_Exercise aim_
Reproduce all lines of the listing below in which the word "sketch" occurs.

===== Given information

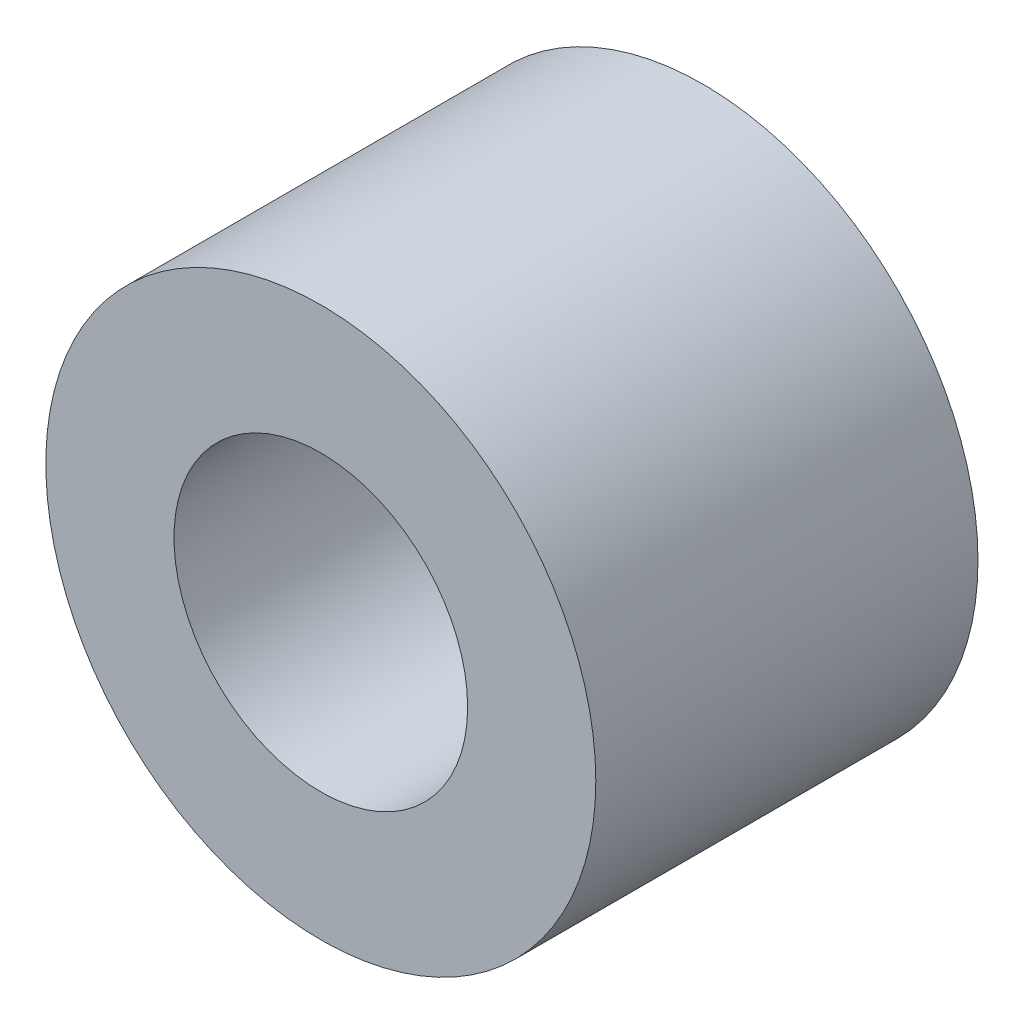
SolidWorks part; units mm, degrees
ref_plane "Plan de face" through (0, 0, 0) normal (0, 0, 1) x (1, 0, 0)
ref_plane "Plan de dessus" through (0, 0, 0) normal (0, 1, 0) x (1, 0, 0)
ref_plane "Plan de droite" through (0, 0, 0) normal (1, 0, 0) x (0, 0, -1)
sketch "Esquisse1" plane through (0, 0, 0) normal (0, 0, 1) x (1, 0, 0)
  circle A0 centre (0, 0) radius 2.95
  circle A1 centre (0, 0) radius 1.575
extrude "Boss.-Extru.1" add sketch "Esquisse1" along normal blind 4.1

==========

_Reply to the task_
sketch "Esquisse1" plane through (0, 0, 0) normal (0, 0, 1) x (1, 0, 0)
extrude "Boss.-Extru.1" add sketch "Esquisse1" along normal blind 4.1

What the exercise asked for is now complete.